**TASK PROMPT**
Below are entries; count the lines containing the string "units". The answer is that number alone.
◇ ◇ ◇ ◇
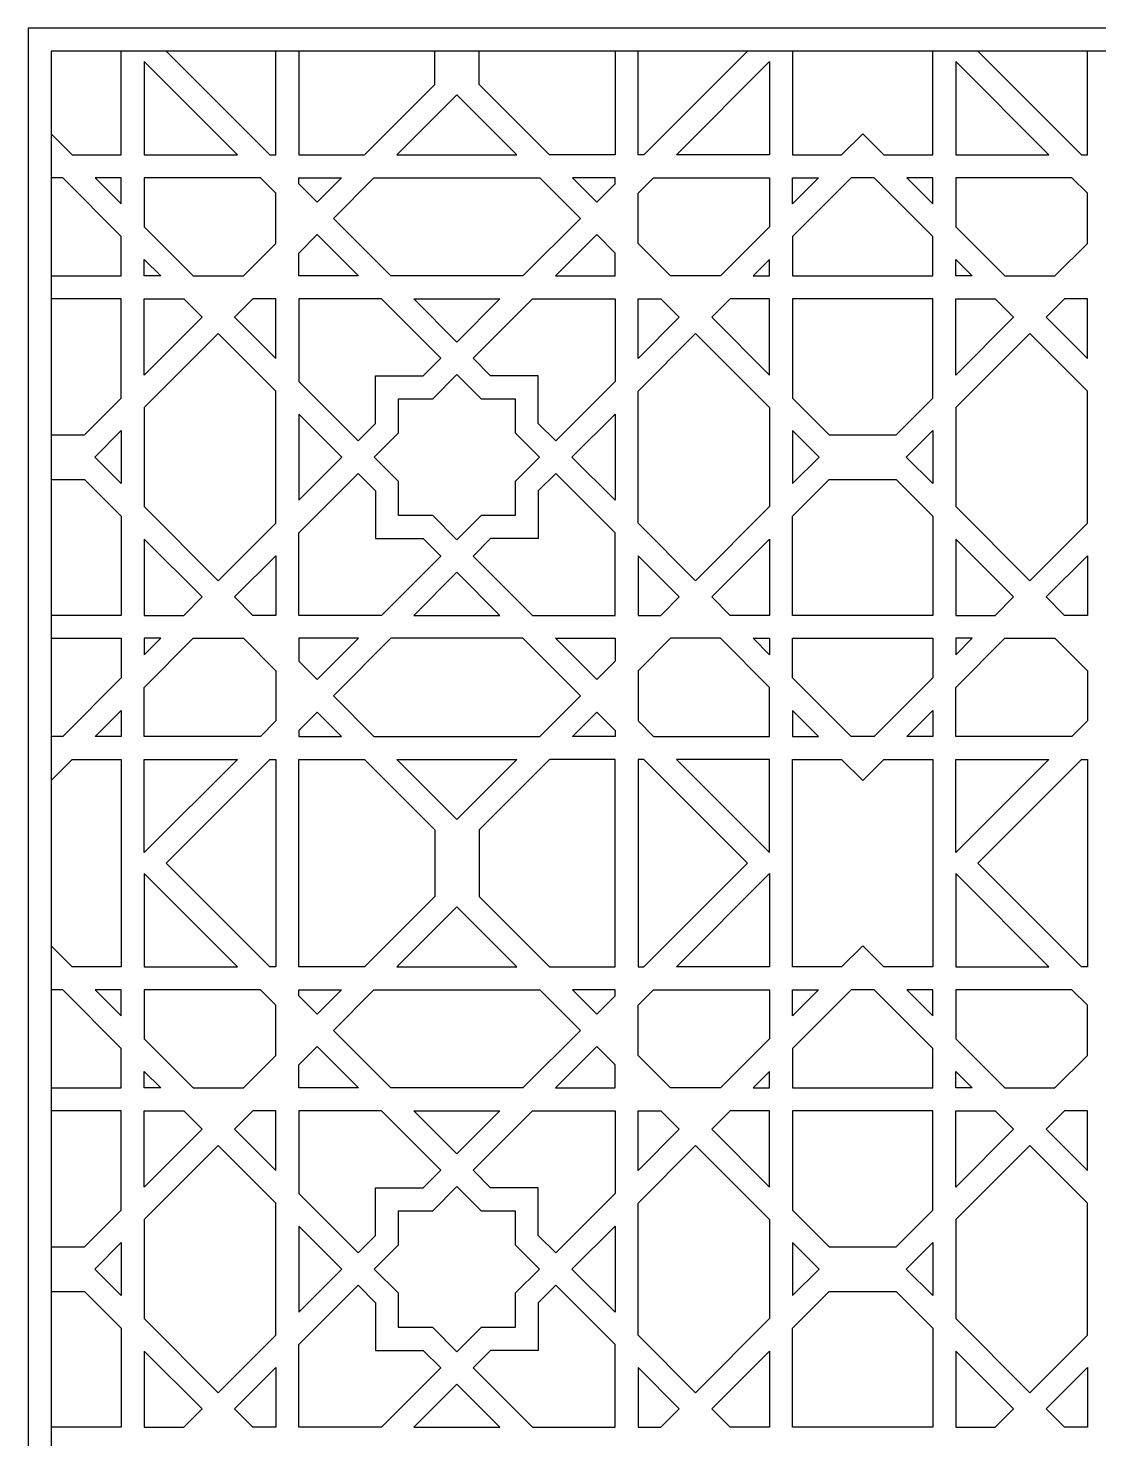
# Model space of a CAD drawing. Header units: millimetres. Extents: x 212 to 644, y 1390 to 1822.
# Drawn here: x 211.8 to 398.4, y 1576.6 to 1822.4 of the extents above; entities that cross this region are included whole.
import ezdxf

# ---------------------------------------------------------------- set-up
doc = ezdxf.new("R2010")
doc.units = ezdxf.units.MM
doc.layers.add('Layer 05', color=18, linetype='Continuous', true_color=0x000000)

msp = doc.modelspace()

# ---------------------------------------------------------------- linework, layer by layer
at = {"layer": 'Layer 05'}
for p, q in [((211.75, 1822.35), (211.75, 1390.02)), ((644.08, 1822.35), (211.75, 1822.35)), ((640.08, 1818.35), (215.75, 1818.35)), ((215.75, 1818.35), (215.75, 1394.02)), ((227.97, 1800.28), (227.97, 1818.35)), ((248.22, 1800.28), (231.97, 1816.53)), ((231.97, 1816.53), (231.97, 1800.28)), ((235.8, 1818.35), (253.87, 1800.28)), ((254.91, 1800.28), (254.91, 1818.35)), ((258.91, 1818.35), (258.91, 1800.28)), ((282.6, 1812.53), (282.6, 1818.35)), ((290.35, 1812.53), (290.35, 1818.35)), ((314.04, 1818.35), (314.04, 1800.28)), ((318.04, 1800.28), (318.04, 1818.35)), ((337.14, 1818.35), (319.07, 1800.28)), ((324.73, 1800.28), (340.97, 1816.53)), ((340.97, 1816.53), (340.97, 1800.28)), ((344.97, 1818.35), (344.97, 1800.28)), ((369.42, 1800.28), (369.42, 1818.35)), ((389.66, 1800.28), (373.42, 1816.53)), ((373.42, 1816.53), (373.42, 1800.28)), ((377.25, 1818.35), (395.32, 1800.28)), ((396.36, 1800.28), (396.36, 1818.35)), ((270.35, 1800.28), (282.6, 1812.53)), ((302.6, 1800.28), (290.35, 1812.53)), ((286.47, 1810.75), (276, 1800.28)), ((296.94, 1800.28), (286.47, 1810.75)), ((215.75, 1803.95), (219.42, 1800.28)), ((353.52, 1800.28), (357.2, 1803.95)), ((357.2, 1803.95), (360.87, 1800.28)), ((219.42, 1800.28), (227.97, 1800.28)), ((231.97, 1800.28), (248.22, 1800.28)), ((253.87, 1800.28), (254.91, 1800.28)), ((258.91, 1800.28), (270.35, 1800.28)), ((276, 1800.28), (296.94, 1800.28)), ((314.04, 1800.28), (302.6, 1800.28)), ((319.07, 1800.28), (318.04, 1800.28)), ((340.97, 1800.28), (324.73, 1800.28)), ((344.97, 1800.28), (353.52, 1800.28)), ((360.87, 1800.28), (369.42, 1800.28)), ((373.42, 1800.28), (389.66, 1800.28)), ((395.32, 1800.28), (396.36, 1800.28)), ((217.77, 1796.28), (215.75, 1796.28)), ((227.97, 1786.08), (217.77, 1796.28)), ((223.42, 1796.28), (227.97, 1791.73)), ((227.97, 1796.28), (223.42, 1796.28)), ((227.97, 1791.73), (227.97, 1796.28)), ((252.22, 1796.28), (231.97, 1796.28)), ((231.97, 1796.28), (231.97, 1787.73)), ((254.91, 1793.59), (252.22, 1796.28)), ((258.91, 1795.24), (258.91, 1796.28)), ((258.91, 1796.28), (266.35, 1796.28)), ((266.35, 1796.28), (262.11, 1792.05)), ((264.94, 1789.22), (272, 1796.28)), ((272, 1796.28), (286.47, 1796.28)), ((286.47, 1796.28), (300.94, 1796.28)), ((300.94, 1796.28), (308.01, 1789.22)), ((314.04, 1796.28), (306.6, 1796.28)), ((306.6, 1796.28), (310.84, 1792.05)), ((314.04, 1795.24), (314.04, 1796.28)), ((318.04, 1793.59), (320.73, 1796.28)), ((320.73, 1796.28), (340.97, 1796.28)), ((340.97, 1796.28), (340.97, 1787.73)), ((355.18, 1796.28), (344.97, 1786.08)), ((349.52, 1796.28), (344.97, 1791.73)), ((344.97, 1791.73), (344.97, 1796.28)), ((344.97, 1796.28), (349.52, 1796.28)), ((357.2, 1796.28), (355.18, 1796.28)), ((359.21, 1796.28), (357.2, 1796.28)), ((369.42, 1786.08), (359.21, 1796.28)), ((364.87, 1796.28), (369.42, 1791.73)), ((369.42, 1796.28), (364.87, 1796.28)), ((369.42, 1791.73), (369.42, 1796.28)), ((393.66, 1796.28), (373.42, 1796.28)), ((373.42, 1796.28), (373.42, 1787.73)), ((396.36, 1793.59), (393.66, 1796.28)), ((262.11, 1792.05), (258.91, 1795.24)), ((310.84, 1792.05), (314.04, 1795.24)), ((254.91, 1784.85), (254.91, 1793.59)), ((318.04, 1784.85), (318.04, 1793.59)), ((396.36, 1784.85), (396.36, 1793.59)), ((274.97, 1779.19), (264.94, 1789.22)), ((308.01, 1789.22), (297.98, 1779.19)), ((231.97, 1787.73), (240.52, 1779.19)), ((340.97, 1787.73), (332.43, 1779.19)), ((373.42, 1787.73), (381.96, 1779.19)), ((227.97, 1779.19), (227.97, 1786.08)), ((249.26, 1779.19), (254.91, 1784.85)), ((258.91, 1783.19), (262.11, 1786.39)), ((262.11, 1786.39), (269.31, 1779.19)), ((310.84, 1786.39), (303.64, 1779.19)), ((314.04, 1783.19), (310.84, 1786.39)), ((323.69, 1779.19), (318.04, 1784.85)), ((344.97, 1786.08), (344.97, 1779.19)), ((369.42, 1779.19), (369.42, 1786.08)), ((390.7, 1779.19), (396.36, 1784.85)), ((231.97, 1779.19), (231.97, 1782.08)), ((231.97, 1782.08), (234.86, 1779.19)), ((258.91, 1779.19), (258.91, 1783.19)), ((314.04, 1779.19), (314.04, 1783.19)), ((340.97, 1782.08), (338.09, 1779.19)), ((340.97, 1779.19), (340.97, 1782.08)), ((373.42, 1779.19), (373.42, 1782.08)), ((373.42, 1782.08), (376.3, 1779.19)), ((215.75, 1779.19), (227.97, 1779.19)), ((234.86, 1779.19), (231.97, 1779.19)), ((240.52, 1779.19), (249.26, 1779.19)), ((269.31, 1779.19), (258.91, 1779.19)), ((297.98, 1779.19), (274.97, 1779.19)), ((303.64, 1779.19), (314.04, 1779.19)), ((332.43, 1779.19), (323.69, 1779.19)), ((338.09, 1779.19), (340.97, 1779.19)), ((344.97, 1779.19), (369.42, 1779.19)), ((376.3, 1779.19), (373.42, 1779.19)), ((381.96, 1779.19), (390.7, 1779.19)), ((227.97, 1775.19), (215.75, 1775.19)), ((227.97, 1757.91), (227.97, 1775.19)), ((231.97, 1761.91), (231.97, 1775.19)), ((231.97, 1775.19), (238.86, 1775.19)), ((238.86, 1775.19), (242.06, 1771.99)), ((250.91, 1775.19), (247.71, 1771.99)), ((254.91, 1775.19), (250.91, 1775.19)), ((254.91, 1764.79), (254.91, 1775.19)), ((273.31, 1775.19), (258.91, 1775.19)), ((258.91, 1775.19), (258.91, 1760.79)), ((283.65, 1764.85), (273.31, 1775.19)), ((286.47, 1767.68), (278.97, 1775.19)), ((278.97, 1775.19), (293.98, 1775.19)), ((293.98, 1775.19), (286.47, 1767.68)), ((289.3, 1764.85), (299.64, 1775.19)), ((299.64, 1775.19), (314.04, 1775.19)), ((314.04, 1775.19), (314.04, 1760.79)), ((318.04, 1764.79), (318.04, 1775.19)), ((318.04, 1775.19), (322.04, 1775.19)), ((322.04, 1775.19), (325.23, 1771.99)), ((334.09, 1775.19), (330.89, 1771.99)), ((340.97, 1775.19), (334.09, 1775.19)), ((340.97, 1761.91), (340.97, 1775.19)), ((357.2, 1775.19), (344.97, 1775.19)), ((344.97, 1775.19), (344.97, 1757.91)), ((369.42, 1775.19), (357.2, 1775.19)), ((369.42, 1757.91), (369.42, 1775.19)), ((373.42, 1761.91), (373.42, 1775.19)), ((373.42, 1775.19), (380.3, 1775.19)), ((380.3, 1775.19), (383.5, 1771.99)), ((392.36, 1775.19), (389.16, 1771.99)), ((396.36, 1775.19), (392.36, 1775.19)), ((396.36, 1764.79), (396.36, 1775.19)), ((242.06, 1771.99), (231.97, 1761.91)), ((247.71, 1771.99), (254.91, 1764.79)), ((325.23, 1771.99), (318.04, 1764.79)), ((330.89, 1771.99), (340.97, 1761.91)), ((383.5, 1771.99), (373.42, 1761.91)), ((389.16, 1771.99), (396.36, 1764.79)), ((244.89, 1769.16), (231.97, 1756.25)), ((254.91, 1759.14), (244.89, 1769.16)), ((318.04, 1759.14), (328.06, 1769.16)), ((328.06, 1769.16), (340.97, 1756.25)), ((386.33, 1769.16), (373.42, 1756.25)), ((396.36, 1759.14), (386.33, 1769.16)), ((280.6, 1761.81), (283.65, 1764.85)), ((292.35, 1761.81), (289.3, 1764.85)), ((282.26, 1757.81), (286.47, 1762.03)), ((286.47, 1762.03), (290.69, 1757.81)), ((258.91, 1760.79), (269.25, 1750.46)), ((272.29, 1753.5), (272.29, 1761.81)), ((272.29, 1761.81), (280.6, 1761.81)), ((300.65, 1761.81), (292.35, 1761.81)), ((300.65, 1753.5), (300.65, 1761.81)), ((314.04, 1760.79), (303.7, 1750.46)), ((221.57, 1751.5), (227.97, 1757.91)), ((254.91, 1747.63), (254.91, 1759.14)), ((276.29, 1751.85), (276.29, 1757.81)), ((276.29, 1757.81), (282.26, 1757.81)), ((290.69, 1757.81), (296.65, 1757.81)), ((296.65, 1757.81), (296.65, 1751.85)), ((318.04, 1747.63), (318.04, 1759.14)), ((344.97, 1757.91), (351.38, 1751.5)), ((363.01, 1751.5), (369.42, 1757.91)), ((396.36, 1747.63), (396.36, 1759.14)), ((231.97, 1756.25), (231.97, 1739.01)), ((266.42, 1747.63), (258.91, 1755.14)), ((258.91, 1755.14), (258.91, 1740.12)), ((306.53, 1747.63), (314.04, 1755.14)), ((314.04, 1755.14), (314.04, 1740.12)), ((340.97, 1756.25), (340.97, 1739.01)), ((373.42, 1756.25), (373.42, 1739.01)), ((223.35, 1747.63), (227.97, 1752.25)), ((227.97, 1752.25), (227.97, 1743.01)), ((269.25, 1750.46), (272.29, 1753.5)), ((303.7, 1750.46), (300.65, 1753.5)), ((349.6, 1747.63), (344.97, 1752.25)), ((344.97, 1752.25), (344.97, 1743.01)), ((364.8, 1747.63), (369.42, 1752.25)), ((369.42, 1752.25), (369.42, 1743.01)), ((215.75, 1751.5), (221.57, 1751.5)), ((272.08, 1747.63), (276.29, 1751.85)), ((296.65, 1751.85), (300.87, 1747.63)), ((351.38, 1751.5), (363.01, 1751.5)), ((227.97, 1743.01), (223.35, 1747.63)), ((254.91, 1736.12), (254.91, 1747.63)), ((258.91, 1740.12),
◇ ◇ ◇ ◇
**EXERCISE SOLUTION**
2